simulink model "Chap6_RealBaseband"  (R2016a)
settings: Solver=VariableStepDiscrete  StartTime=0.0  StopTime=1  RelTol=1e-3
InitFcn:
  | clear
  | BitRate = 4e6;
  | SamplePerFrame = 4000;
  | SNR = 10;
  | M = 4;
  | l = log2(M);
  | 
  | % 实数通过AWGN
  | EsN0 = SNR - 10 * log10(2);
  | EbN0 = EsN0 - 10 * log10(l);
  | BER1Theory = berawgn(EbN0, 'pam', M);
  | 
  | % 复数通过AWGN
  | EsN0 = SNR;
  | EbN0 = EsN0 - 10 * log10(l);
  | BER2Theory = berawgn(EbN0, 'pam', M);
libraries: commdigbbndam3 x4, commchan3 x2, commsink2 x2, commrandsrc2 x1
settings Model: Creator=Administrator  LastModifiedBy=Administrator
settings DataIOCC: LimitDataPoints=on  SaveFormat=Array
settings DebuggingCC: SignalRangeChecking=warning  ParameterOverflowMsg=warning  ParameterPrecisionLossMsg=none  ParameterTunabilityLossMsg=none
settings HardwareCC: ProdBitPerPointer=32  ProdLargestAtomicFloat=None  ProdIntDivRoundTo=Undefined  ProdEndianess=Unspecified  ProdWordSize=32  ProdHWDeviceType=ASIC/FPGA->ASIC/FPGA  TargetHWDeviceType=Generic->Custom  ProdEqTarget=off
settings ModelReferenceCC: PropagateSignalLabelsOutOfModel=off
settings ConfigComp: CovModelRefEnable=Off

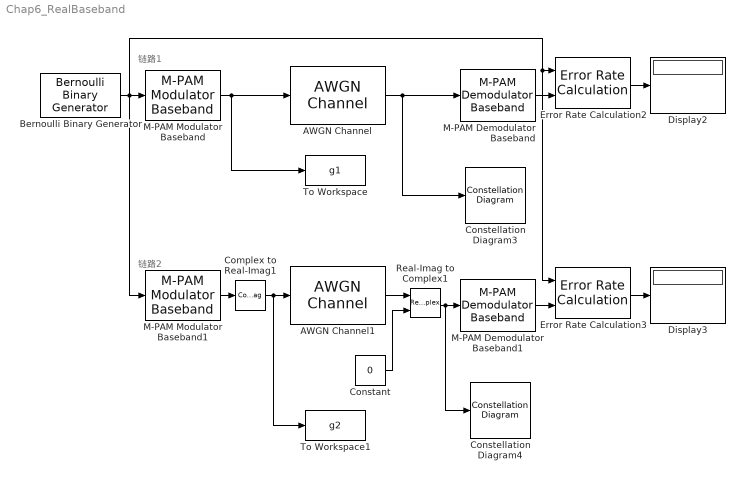
== system Chap6_RealBaseband ==
  note: 链路1
  note: 链路2
  AWGN Channel : commchan3/AWGN Channel  InputProcessing=Columns as channels (frame based)  seed=67  noiseMode="Signal to noise ratio  (SNR)"  EbNodB=10  EsNodB=10  SNRdB=SNR  bitsPerSym=4  Ps=1  Tsym=4e-6  variance=1
  AWGN Channel1 : commchan3/AWGN Channel  InputProcessing=Columns as channels (frame based)  seed=67  noiseMode="Signal to noise ratio  (SNR)"  EbNodB=10  EsNodB=10  SNRdB=SNR  bitsPerSym=4  Ps=1  Tsym=4e-6  variance=1
  Bernoulli Binary Generator : commrandsrc2/Bernoulli Binary Generator  P=0.5  seed=61  Ts=1/BitRate  frameBased=on  sampPerFrame=SamplePerFrame  orient=off  outDataType=double
  Complex to Real-Imag1 : ComplexToRealImag  Output=Real
  Constant : Constant  Value=0
  Constellation Diagram3 : ConstellationDiagram
  Constellation Diagram4 : ConstellationDiagram
  Display2 : Display
  Display3 : Display
  Error Rate Calculation2 : commsink2/Error Rate Calculation  N=0  st_delay=0  cp_mode=Entire frame  subframe=[]  PMode=Port  WsName=ErrorVec  RsMode2=off  stop=off  numErr=100  maxBits=1e6
  Error Rate Calculation3 : commsink2/Error Rate Calculation  N=0  st_delay=0  cp_mode=Entire frame  subframe=[]  PMode=Port  WsName=ErrorVec  RsMode2=off  stop=off  numErr=100  maxBits=1e6
  M-PAM Demodulator Baseband : commdigbbndam3/M-PAM Demodulator Baseband  M=4  OutType=Bit  Dec=Gray  PowType=Average Power  MinDist=2  AvgPow=1  PeakPow=1  outDtype1=Inherit via internal rule  outDtype2=Inherit via internal rule  denormFactorWordLen=16  denormFactorDataTypeStr=Inherit: Same word length as input  denormFactorLastDataTypeStr=Inherit: Same word length as input  prodOutWordLen=16  prodOutRoundingMode=Floor  prodOutOverflowMode=Wrap  prodOutOvFlMode=off  prodOutOvFlModeLastStrValue=off  sumWordLen=16
  M-PAM Demodulator Baseband1 : commdigbbndam3/M-PAM Demodulator Baseband  M=4  OutType=Bit  Dec=Gray  PowType=Average Power  MinDist=2  AvgPow=1  PeakPow=1  outDtype1=Inherit via internal rule  outDtype2=Inherit via internal rule  denormFactorWordLen=16  denormFactorDataTypeStr=Inherit: Same word length as input  denormFactorLastDataTypeStr=Inherit: Same word length as input  prodOutWordLen=16  prodOutRoundingMode=Floor  prodOutOverflowMode=Wrap  prodOutOvFlMode=off  prodOutOvFlModeLastStrValue=off  sumWordLen=16
  M-PAM Modulator Baseband : commdigbbndam3/M-PAM Modulator Baseband  M=4  InType=Bit  Enc=Gray  PowType=Average Power  MinDist=2  AvgPow=1  PeakPow=1  outDtype=double  outWordLen=16  outUDDataType=sfix(16)  outFracLenMode=Best precision  outFracLen=15  outDataTypeStr=double  outLastDataTypeStr=double
  M-PAM Modulator Baseband1 : commdigbbndam3/M-PAM Modulator Baseband  M=4  InType=Bit  Enc=Gray  PowType=Average Power  MinDist=2  AvgPow=1  PeakPow=1  outDtype=double  outWordLen=16  outUDDataType=sfix(16)  outFracLenMode=Best precision  outFracLen=15  outDataTypeStr=double  outLastDataTypeStr=double
  Real-Imag to Complex1 : RealImagToComplex
  To Workspace : ToWorkspace  VariableName=g1  SampleTime=-1
      settings: Save2DSignal=2-D array (concatenate along first dimension)
  To Workspace1 : ToWorkspace  VariableName=g2  SampleTime=-1
      settings: Save2DSignal=2-D array (concatenate along first dimension)
  wires:
  M-PAM Modulator Baseband/1 -> To Workspace/1, AWGN Channel/1
  AWGN Channel/1 -> Constellation Diagram3/1, M-PAM Demodulator Baseband/1
  Error Rate Calculation2/1 -> Display2/1
  M-PAM Demodulator Baseband/1 -> Error Rate Calculation2/2
  M-PAM Modulator Baseband1/1 -> Complex to Real-Imag1/1
  Real-Imag to Complex1/1 -> Constellation Diagram4/1, M-PAM Demodulator Baseband1/1
  Error Rate Calculation3/1 -> Display3/1
  M-PAM Demodulator Baseband1/1 -> Error Rate Calculation3/2
  Complex to Real-Imag1/1 -> To Workspace1/1, AWGN Channel1/1
  AWGN Channel1/1 -> Real-Imag to Complex1/1
  Constant/1 -> Real-Imag to Complex1/2
  Bernoulli Binary Generator/1 -> Error Rate Calculation2/1, Error Rate Calculation3/1, M-PAM Modulator Baseband/1, M-PAM Modulator Baseband1/1
----
Print only the lines from the first line of the data above through the one containing "AWGN Channel1 : commchan3/AWGN", exactly as they are, with pictures omitted.

simulink model "Chap6_RealBaseband"  (R2016a)
settings: Solver=VariableStepDiscrete  StartTime=0.0  StopTime=1  RelTol=1e-3
InitFcn:
  | clear
  | BitRate = 4e6;
  | SamplePerFrame = 4000;
  | SNR = 10;
  | M = 4;
  | l = log2(M);
  | 
  | % 实数通过AWGN
  | EsN0 = SNR - 10 * log10(2);
  | EbN0 = EsN0 - 10 * log10(l);
  | BER1Theory = berawgn(EbN0, 'pam', M);
  | 
  | % 复数通过AWGN
  | EsN0 = SNR;
  | EbN0 = EsN0 - 10 * log10(l);
  | BER2Theory = berawgn(EbN0, 'pam', M);
libraries: commdigbbndam3 x4, commchan3 x2, commsink2 x2, commrandsrc2 x1
settings Model: Creator=Administrator  LastModifiedBy=Administrator
settings DataIOCC: LimitDataPoints=on  SaveFormat=Array
settings DebuggingCC: SignalRangeChecking=warning  ParameterOverflowMsg=warning  ParameterPrecisionLossMsg=none  ParameterTunabilityLossMsg=none
settings HardwareCC: ProdBitPerPointer=32  ProdLargestAtomicFloat=None  ProdIntDivRoundTo=Undefined  ProdEndianess=Unspecified  ProdWordSize=32  ProdHWDeviceType=ASIC/FPGA->ASIC/FPGA  TargetHWDeviceType=Generic->Custom  ProdEqTarget=off
settings ModelReferenceCC: PropagateSignalLabelsOutOfModel=off
settings ConfigComp: CovModelRefEnable=Off

== system Chap6_RealBaseband ==
  note: 链路1
  note: 链路2
  AWGN Channel : commchan3/AWGN Channel  InputProcessing=Columns as channels (frame based)  seed=67  noiseMode="Signal to noise ratio  (SNR)"  EbNodB=10  EsNodB=10  SNRdB=SNR  bitsPerSym=4  Ps=1  Tsym=4e-6  variance=1
  AWGN Channel1 : commchan3/AWGN Channel  InputProcessing=Columns as channels (frame based)  seed=67  noiseMode="Signal to noise ratio  (SNR)"  EbNodB=10  EsNodB=10  SNRdB=SNR  bitsPerSym=4  Ps=1  Tsym=4e-6  variance=1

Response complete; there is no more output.